Jessie, her Negro girl, opened the door.
«Is that you, Jem Finch?» she said. «You got your sister with you. I don’t know-»
«Let ’em both in, Jessie,» said Mrs. Dubose. «So you brought that dirty little sister of yours, did you?» was her greeting.
Jem said quietly, «My sister ain’t dirty and I ain’t scared of you,» although I noticed that his knees were shaking.
She told Jem to begin reading.
We sat down by her bed, Jem opened Ivanhoe and began reading. She looked horrible, and I tried not to look at her. When Jem came to a word he didn’t know, he missed it out, but Mrs. Dubose stopped him and made him spell it out. Soon her corrections grew fewer and fewer, and stopped. She was not listening. I looked toward the bed.

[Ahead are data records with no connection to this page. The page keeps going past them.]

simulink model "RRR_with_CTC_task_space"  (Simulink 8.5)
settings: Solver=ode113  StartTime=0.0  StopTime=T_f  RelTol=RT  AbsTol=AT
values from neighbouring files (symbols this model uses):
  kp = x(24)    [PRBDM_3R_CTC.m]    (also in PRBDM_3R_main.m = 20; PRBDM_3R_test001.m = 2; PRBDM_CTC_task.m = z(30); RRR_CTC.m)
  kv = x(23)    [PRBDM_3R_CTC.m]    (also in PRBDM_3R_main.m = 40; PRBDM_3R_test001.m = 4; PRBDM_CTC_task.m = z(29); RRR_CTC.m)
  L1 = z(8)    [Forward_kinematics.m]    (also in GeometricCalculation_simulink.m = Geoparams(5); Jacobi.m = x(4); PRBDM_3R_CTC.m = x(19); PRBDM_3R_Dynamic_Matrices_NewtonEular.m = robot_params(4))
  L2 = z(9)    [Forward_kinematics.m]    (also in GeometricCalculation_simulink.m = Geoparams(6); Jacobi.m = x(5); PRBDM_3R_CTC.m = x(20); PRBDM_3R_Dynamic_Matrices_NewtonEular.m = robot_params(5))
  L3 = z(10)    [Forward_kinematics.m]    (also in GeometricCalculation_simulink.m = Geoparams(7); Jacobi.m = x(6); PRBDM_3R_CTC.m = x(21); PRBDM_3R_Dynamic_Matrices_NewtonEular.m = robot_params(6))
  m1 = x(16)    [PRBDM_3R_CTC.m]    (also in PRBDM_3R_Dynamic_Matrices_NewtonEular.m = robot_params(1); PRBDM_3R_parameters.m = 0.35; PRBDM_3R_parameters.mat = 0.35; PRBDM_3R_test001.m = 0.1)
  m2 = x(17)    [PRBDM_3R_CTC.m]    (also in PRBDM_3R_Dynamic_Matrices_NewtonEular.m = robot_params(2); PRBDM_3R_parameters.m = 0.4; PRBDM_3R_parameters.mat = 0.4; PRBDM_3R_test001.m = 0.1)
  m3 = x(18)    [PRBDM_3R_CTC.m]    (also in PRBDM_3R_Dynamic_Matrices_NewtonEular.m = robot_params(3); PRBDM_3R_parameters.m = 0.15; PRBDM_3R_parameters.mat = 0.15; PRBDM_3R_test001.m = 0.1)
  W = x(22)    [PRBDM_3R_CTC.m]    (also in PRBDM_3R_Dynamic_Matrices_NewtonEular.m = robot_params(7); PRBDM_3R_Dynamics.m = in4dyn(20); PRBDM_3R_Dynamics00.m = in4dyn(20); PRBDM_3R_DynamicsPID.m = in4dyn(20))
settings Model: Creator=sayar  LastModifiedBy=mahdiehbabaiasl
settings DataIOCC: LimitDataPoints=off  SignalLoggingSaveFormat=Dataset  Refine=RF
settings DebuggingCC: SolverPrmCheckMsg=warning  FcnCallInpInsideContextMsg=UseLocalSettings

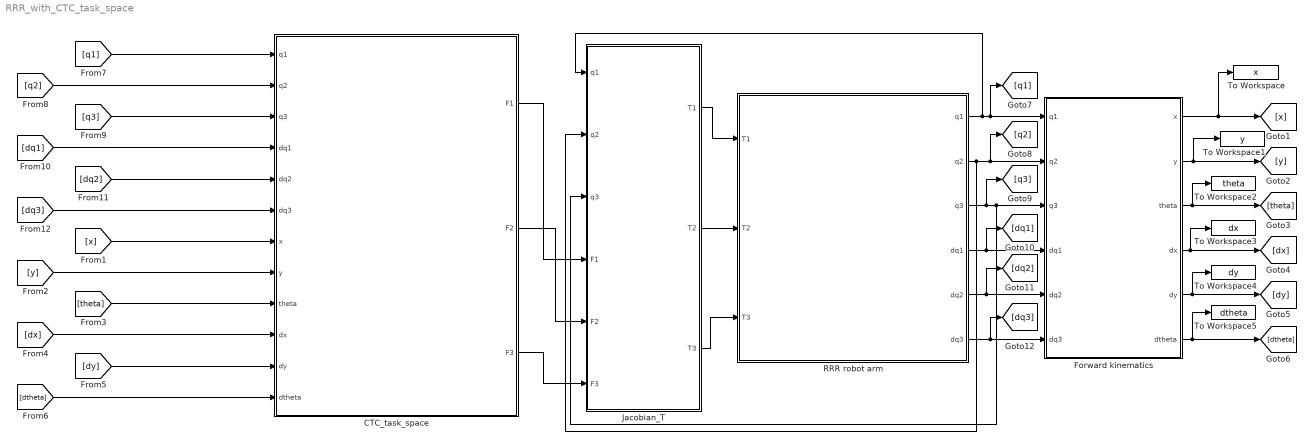
== system RRR_with_CTC_task_space ==
  CTC_task_space : Subsystem
  Forward kinematics : Subsystem
  Jacobian_T : Subsystem
  RRR robot arm : Subsystem
      mask Display: image(imread('RRR.png'))
  To Workspace : ToWorkspace  VariableName=x  SampleTime=-1
  To Workspace1 : ToWorkspace  VariableName=y  SampleTime=-1
  To Workspace2 : ToWorkspace  VariableName=theta  SampleTime=-1
  To Workspace3 : ToWorkspace  VariableName=dx  SampleTime=-1
  To Workspace4 : ToWorkspace  VariableName=dy  SampleTime=-1
  To Workspace5 : ToWorkspace  VariableName=dtheta  SampleTime=-1
  wires:
  [x] -> CTC_task_space/7(x)
  [y] -> CTC_task_space/8(y)
  [theta] -> CTC_task_space/9(theta)
  [dx] -> CTC_task_space/10(dx)
  [dy] -> CTC_task_space/11(dy)
  RRR robot arm/1(q1) -> Jacobian_T/1(q1), [q1], Forward kinematics/1(q1)
  RRR robot arm/2(q2) -> [q2], Forward kinematics/2(q2), Jacobian_T/2(q2)
  RRR robot arm/3(q3) -> [q3], Jacobian_T/3(q3), Forward kinematics/3(q3)
  RRR robot arm/4(dq1) -> [dq1], Forward kinematics/4(dq1)
  RRR robot arm/5(dq2) -> [dq2], Forward kinematics/5(dq2)
  RRR robot arm/6(dq3) -> [dq3], Forward kinematics/6(dq3)
  Forward kinematics/1(x) -> To Workspace/1, [x]
  Forward kinematics/2(y) -> To Workspace1/1, [y]
  Forward kinematics/3(theta) -> To Workspace2/1, [theta]
  Forward kinematics/4(dx) -> To Workspace3/1, [dx]
  Forward kinematics/5(dy) -> To Workspace4/1, [dy]
  Forward kinematics/6(dtheta) -> To Workspace5/1, [dtheta]
  Jacobian_T/1(T1) -> RRR robot arm/1(T1)
  Jacobian_T/2(T2) -> RRR robot arm/2(T2)
  Jacobian_T/3(T3) -> RRR robot arm/3(T3)
  [q1] -> CTC_task_space/1(q1)
  [q2] -> CTC_task_space/2(q2)
  [q3] -> CTC_task_space/3(q3)
  [dq1] -> CTC_task_space/4(dq1)
  [dq2] -> CTC_task_space/5(dq2)
  [dq3] -> CTC_task_space/6(dq3)
  [dtheta] -> CTC_task_space/12(dtheta)
  CTC_task_space/1(F1) -> Jacobian_T/4(F1)
  CTC_task_space/2(F2) -> Jacobian_T/5(F2)
  CTC_task_space/3(F3) -> Jacobian_T/6(F3)

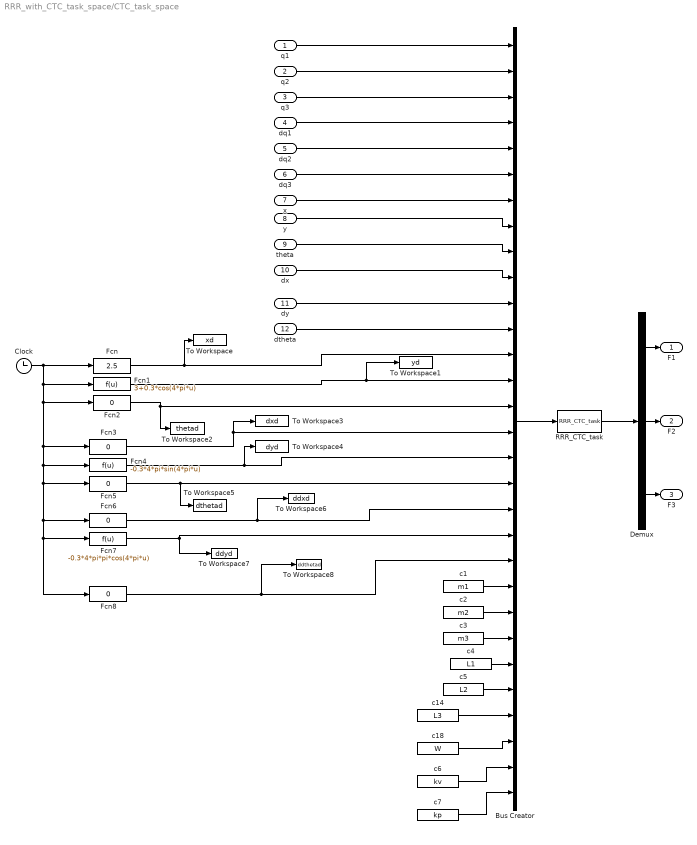
== system RRR_with_CTC_task_space/CTC_task_space ==
  q1 : Inport
  q2 : Inport  Port=2
  q3 : Inport  Port=3
  dq1 : Inport  Port=4
  dq2 : Inport  Port=5
  dq3 : Inport  Port=6
  x : Inport  Port=7
  y : Inport  Port=8
  theta : Inport  Port=9
  dx : Inport  Port=10
  dy : Inport  Port=11
  dtheta : Inport  Port=12
  Bus Creator : BusCreator  Inputs=30
  Clock : Clock
  Demux : Demux  Outputs=3
  Fcn : Fcn  Expr=2.5
  Fcn1 : Fcn  Expr=3+0.3*cos(4*pi*u)
  Fcn{2..3,5..6,8} (5 alike) : Fcn  Expr=0
  Fcn4 : Fcn  Expr=-0.3*4*pi*sin(4*pi*u)
  Fcn7 : Fcn  Expr=-0.3*4*pi*pi*cos(4*pi*u)
  RRR_CTC_task : MATLABFcn  MATLABFcn=RRR_CTC_task  OutputDimensions=3
  To Workspace : ToWorkspace  VariableName=xd  SampleTime=-1
  To Workspace1 : ToWorkspace  VariableName=yd  SampleTime=-1
  To Workspace2 : ToWorkspace  VariableName=thetad  SampleTime=-1
  To Workspace3 : ToWorkspace  VariableName=dxd  SampleTime=-1
  To Workspace4 : ToWorkspace  VariableName=dyd  SampleTime=-1
  To Workspace5 : ToWorkspace  VariableName=dthetad  SampleTime=-1
  To Workspace6 : ToWorkspace  VariableName=ddxd  SampleTime=-1
  To Workspace7 : ToWorkspace  VariableName=ddyd  SampleTime=-1
  To Workspace8 : ToWorkspace  VariableName=ddthetad  SampleTime=-1
  c1 : Constant  Value=m1
  c14 : Constant  Value=L3
  c18 : Constant  Value=W
  c2 : Constant  Value=m2
  c3 : Constant  Value=m3
  c4 : Constant  Value=L1
  c5 : Constant  Value=L2
  c6 : Constant  Value=kv
  c7 : Constant  Value=kp
  F1 : Outport
  F2 : Outport  Port=2
  F3 : Outport  Port=3
  wires:
  q3/1 -> Bus Creator/3
  RRR_CTC_task/1 -> Demux/1
  q1/1 -> Bus Creator/1
  Demux/3 -> F3/1
  q2/1 -> Bus Creator/2
  dq2/1 -> Bus Creator/5
  dq1/1 -> Bus Creator/4
  Demux/2 -> F2/1
  dq3/1 -> Bus Creator/6
  Demux/1 -> F1/1
  Bus Creator/1 -> RRR_CTC_task/1
  Clock/1 -> Fcn5/1, Fcn8/1, Fcn7/1, Fcn6/1, Fcn4/1, Fcn3/1, Fcn2/1, Fcn1/1, Fcn/1
  Fcn2/1 -> Bus Creator/15, To Workspace2/1
  Fcn3/1 -> Bus Creator/16, To Workspace3/1
  Fcn6/1 -> Bus Creator/19, To Workspace6/1
  Fcn7/1 -> To Workspace7/1, Bus Creator/20
  x/1 -> Bus Creator/7
  y/1 -> Bus Creator/8
  theta/1 -> Bus Creator/9
  dx/1 -> Bus Creator/10
  dy/1 -> Bus Creator/11
  dtheta/1 -> Bus Creator/12
  Fcn5/1 -> Bus Creator/18, To Workspace5/1
  Fcn/1 -> To Workspace/1, Bus Creator/13
  Fcn1/1 -> To Workspace1/1, Bus Creator/14
  Fcn4/1 -> Bus Creator/17, To Workspace4/1
  Fcn8/1 -> To Workspace8/1, Bus Creator/21
  c1/1 -> Bus Creator/22
  c2/1 -> Bus Creator/23
  c3/1 -> Bus Creator/24
  c4/1 -> Bus Creator/25
  c5/1 -> Bus Creator/26
  c14/1 -> Bus Creator/27
  c18/1 -> Bus Creator/28
  c6/1 -> Bus Creator/29
  c7/1 -> Bus Creator/30

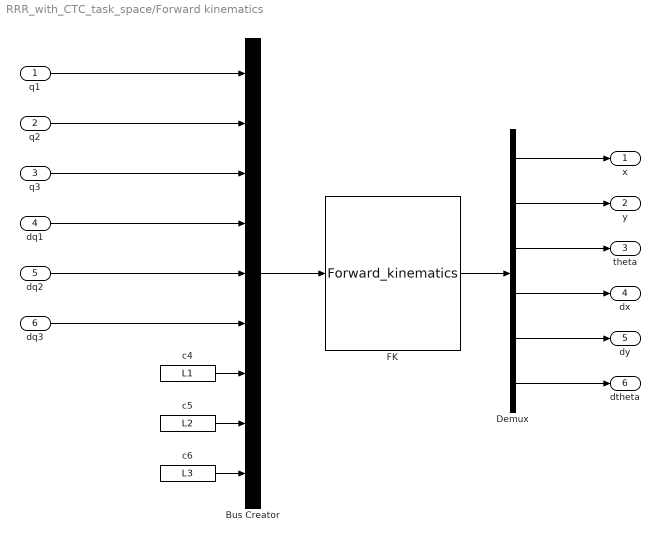
== system RRR_with_CTC_task_space/Forward kinematics ==
  q1 : Inport
  q2 : Inport  Port=2
  q3 : Inport  Port=3
  dq1 : Inport  Port=4
  dq2 : Inport  Port=5
  dq3 : Inport  Port=6
  Bus Creator : BusCreator  Inputs=9
  Demux : Demux  Outputs=6
  FK : MATLABFcn  MATLABFcn=Forward_kinematics  OutputDimensions=6
  c4 : Constant  Value=L1
  c5 : Constant  Value=L2
  c6 : Constant  Value=L3
  x : Outport
  y : Outport  Port=2
  theta : Outport  Port=3
  dx : Outport  Port=4
  dy : Outport  Port=5
  dtheta : Outport  Port=6
  wires:
  c6/1 -> Bus Creator/9
  Demux/1 -> x/1
  Demux/4 -> dx/1
  c4/1 -> Bus Creator/7
  Demux/5 -> dy/1
  q2/1 -> Bus Creator/2
  q1/1 -> Bus Creator/1
  q3/1 -> Bus Creator/3
  Bus Creator/1 -> FK/1
  dq2/1 -> Bus Creator/5
  Demux/2 -> y/1
  FK/1 -> Demux/1
  dq1/1 -> Bus Creator/4
  Demux/3 -> theta/1
  dq3/1 -> Bus Creator/6
  Demux/6 -> dtheta/1
  c5/1 -> Bus Creator/8

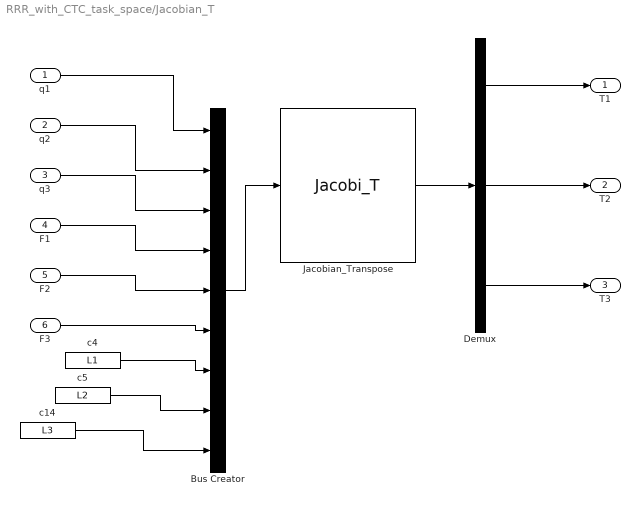
== system RRR_with_CTC_task_space/Jacobian_T ==
  q1 : Inport
  q2 : Inport  Port=2
  q3 : Inport  Port=3
  F1 : Inport  Port=4
  F2 : Inport  Port=5
  F3 : Inport  Port=6
  Bus Creator : BusCreator  Inputs=9
  Demux : Demux  Outputs=3
  Jacobian_Transpose : MATLABFcn  MATLABFcn=Jacobi_T  OutputDimensions=3
  c14 : Constant  Value=L3
  c4 : Constant  Value=L1
  c5 : Constant  Value=L2
  T1 : Outport
  T2 : Outport  Port=2
  T3 : Outport  Port=3
  wires:
  Jacobian_Transpose/1 -> Demux/1
  Demux/2 -> T2/1
  Bus Creator/1 -> Jacobian_Transpose/1
  Demux/1 -> T1/1
  Demux/3 -> T3/1
  F1/1 -> Bus Creator/4
  F2/1 -> Bus Creator/5
  F3/1 -> Bus Creator/6
  q1/1 -> Bus Creator/1
  q2/1 -> Bus Creator/2
  q3/1 -> Bus Creator/3
  c5/1 -> Bus Creator/8
  c14/1 -> Bus Creator/9
  c4/1 -> Bus Creator/7

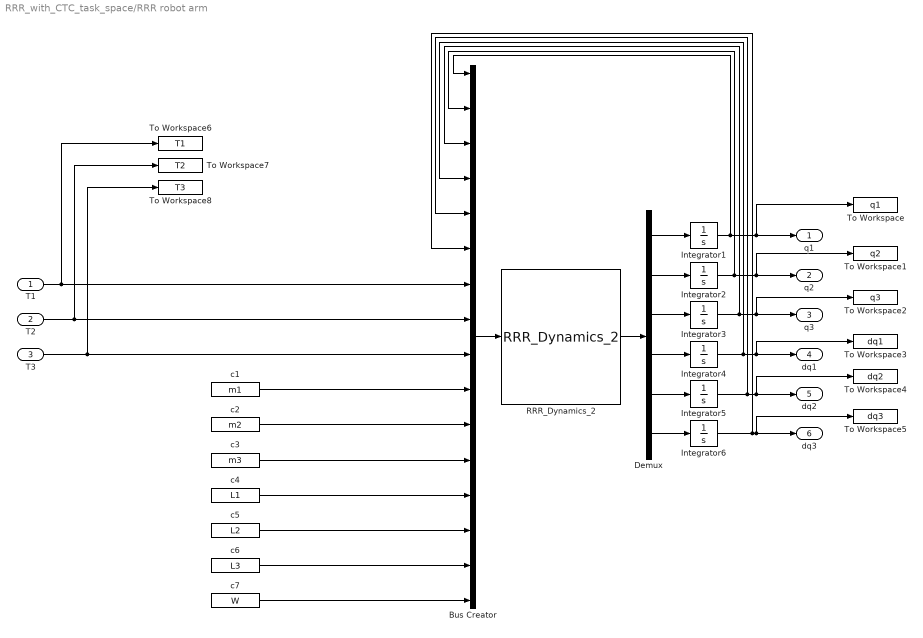
== system RRR_with_CTC_task_space/RRR robot arm ==
  T1 : Inport
  T2 : Inport  Port=2
  T3 : Inport  Port=3
  Bus Creator : BusCreator  Inputs=16
  Demux : Demux  Outputs=6
  Integrator{1,4..6} (4 alike) : Integrator
  Integrator2 : Integrator  InitialCondition=3*pi/4
  Integrator3 : Integrator  InitialCondition=-3*pi/4
  RRR_Dynamics_2 : MATLABFcn  MATLABFcn=RRR_Dynamics_2  OutputDimensions=6
  To Workspace : ToWorkspace  VariableName=q1  SampleTime=-1
  To Workspace1 : ToWorkspace  VariableName=q2  SampleTime=-1
  To Workspace2 : ToWorkspace  VariableName=q3  SampleTime=-1
  To Workspace3 : ToWorkspace  VariableName=dq1  SampleTime=-1
  To Workspace4 : ToWorkspace  VariableName=dq2  SampleTime=-1
  To Workspace5 : ToWorkspace  VariableName=dq3  SampleTime=-1
  To Workspace6 : ToWorkspace  VariableName=T1  SampleTime=-1
  To Workspace7 : ToWorkspace  VariableName=T2  SampleTime=-1
  To Workspace8 : ToWorkspace  VariableName=T3  SampleTime=-1
  c1 : Constant  Value=m1
  c2 : Constant  Value=m2
  c3 : Constant  Value=m3
  c4 : Constant  Value=L1
  c5 : Constant  Value=L2
  c6 : Constant  Value=L3
  c7 : Constant  Value=W
  q1 : Outport
  q2 : Outport  Port=2
  q3 : Outport  Port=3
  dq1 : Outport  Port=4
  dq2 : Outport  Port=5
  dq3 : Outport  Port=6
  wires:
  Demux/1 -> Integrator1/1
  Demux/2 -> Integrator2/1
  Demux/3 -> Integrator3/1
  Demux/4 -> Integrator4/1
  Demux/5 -> Integrator5/1
  Demux/6 -> Integrator6/1
  Integrator1/1 -> Bus Creator/1, q1/1, To Workspace/1
  Integrator2/1 -> Bus Creator/2, q2/1, To Workspace1/1
  Integrator3/1 -> Bus Creator/3, q3/1, To Workspace2/1
  Integrator4/1 -> Bus Creator/4, dq1/1, To Workspace3/1
  Integrator5/1 -> Bus Creator/5, dq2/1, To Workspace4/1
  Integrator6/1 -> Bus Creator/6, dq3/1, To Workspace5/1
  c1/1 -> Bus Creator/10
  c2/1 -> Bus Creator/11
  RRR_Dynamics_2/1 -> Demux/1
  Bus Creator/1 -> RRR_Dynamics_2/1
  T3/1 -> To Workspace8/1, Bus Creator/9
  T2/1 -> To Workspace7/1, Bus Creator/8
  T1/1 -> To Workspace6/1, Bus Creator/7
  c3/1 -> Bus Creator/12
  c4/1 -> Bus Creator/13
  c5/1 -> Bus Creator/14
  c6/1 -> Bus Creator/15
  c7/1 -> Bus Creator/16

Mrs. Debose’ head moved slowly from side to side. Her lips were wet. From time to time, she opened her mouth wide. Suddenly, the alarm clock that stood on the bedside table went off and Jessie came in.
«It’s time for her medicine,» she said. «You all go home.»
It was only three forty-five when we got home, so Jem and I played in the back yard until it was time to meet Atticus. Atticus had two yellow pencils for me and a football magazine for Jem. I think it was a silent reward for our first day’s session with Mrs. Dubose.
And so it went on: every afternoon we went to Mrs. Debose’s house; Jem read to her; she corrected him, then her fits started, then the alarm clock rang, and Jessy told us to go home.
Every day the alarm clock went off later and later, and then the day came when it didn’t ring at all. Mrs. Dubose didn’t have any fits and let us go home with the words «That’ll do.»
One afternoon, when Mrs. Dubose said, «That’ll do,» she added, «And that’s all. Good-day to you.»
It was over. We were free. It was spring. The days grew longer, and we had more time to play.
Over a month passed. Mrs. Dubose was never on the porch any more when we passed by.
One evening, Atticus was called to Mrs. Dubose’s. It was long past my bedtime when he came home.
«What’d she want?» asked Jem.
«She’s dead, son,» said Atticus. «She died a few minutes ago.»
«Oh,» said Jem. «Well.»
«Well is right,» said Atticus. «She’s not suffering any more. She was sick for a long time. Son, didn’t you know what her fits were?»
Jem shook his head.
Atticus explained that Mrs. Dubose had taken morphine as a painkiller for years and had become a morphine addict. When Dr. Reynolds told her she had only a few months to live, she asked Atticus to make her will. Her business affairs were in perfect order but she said, «There’s still one thing out of order.»
She said she was going to leave this world bound to nothing and nobody. She wanted to break herself of her addiction before she died, and she did it. While Jem was reading to her, she could listen to him at first, but when the pain grew stronger, all her will power was concentrated on that alarm clock.
Jem asked, «Did she die free?»
«As the mountain air,» said Atticus.
Atticus said that the main reason why he had made Jem go and read to Mrs. Debose was because he wanted to show him what real courage was — not a man with a gun in his hand. «It’s when you know you’re licked before you begin but you begin anyway and you go to the end no matter what. You seldom win, but sometimes you do. Mrs. Dubose won. According to her views, she died bound to nothing and nobody. She was the bravest person I ever knew.»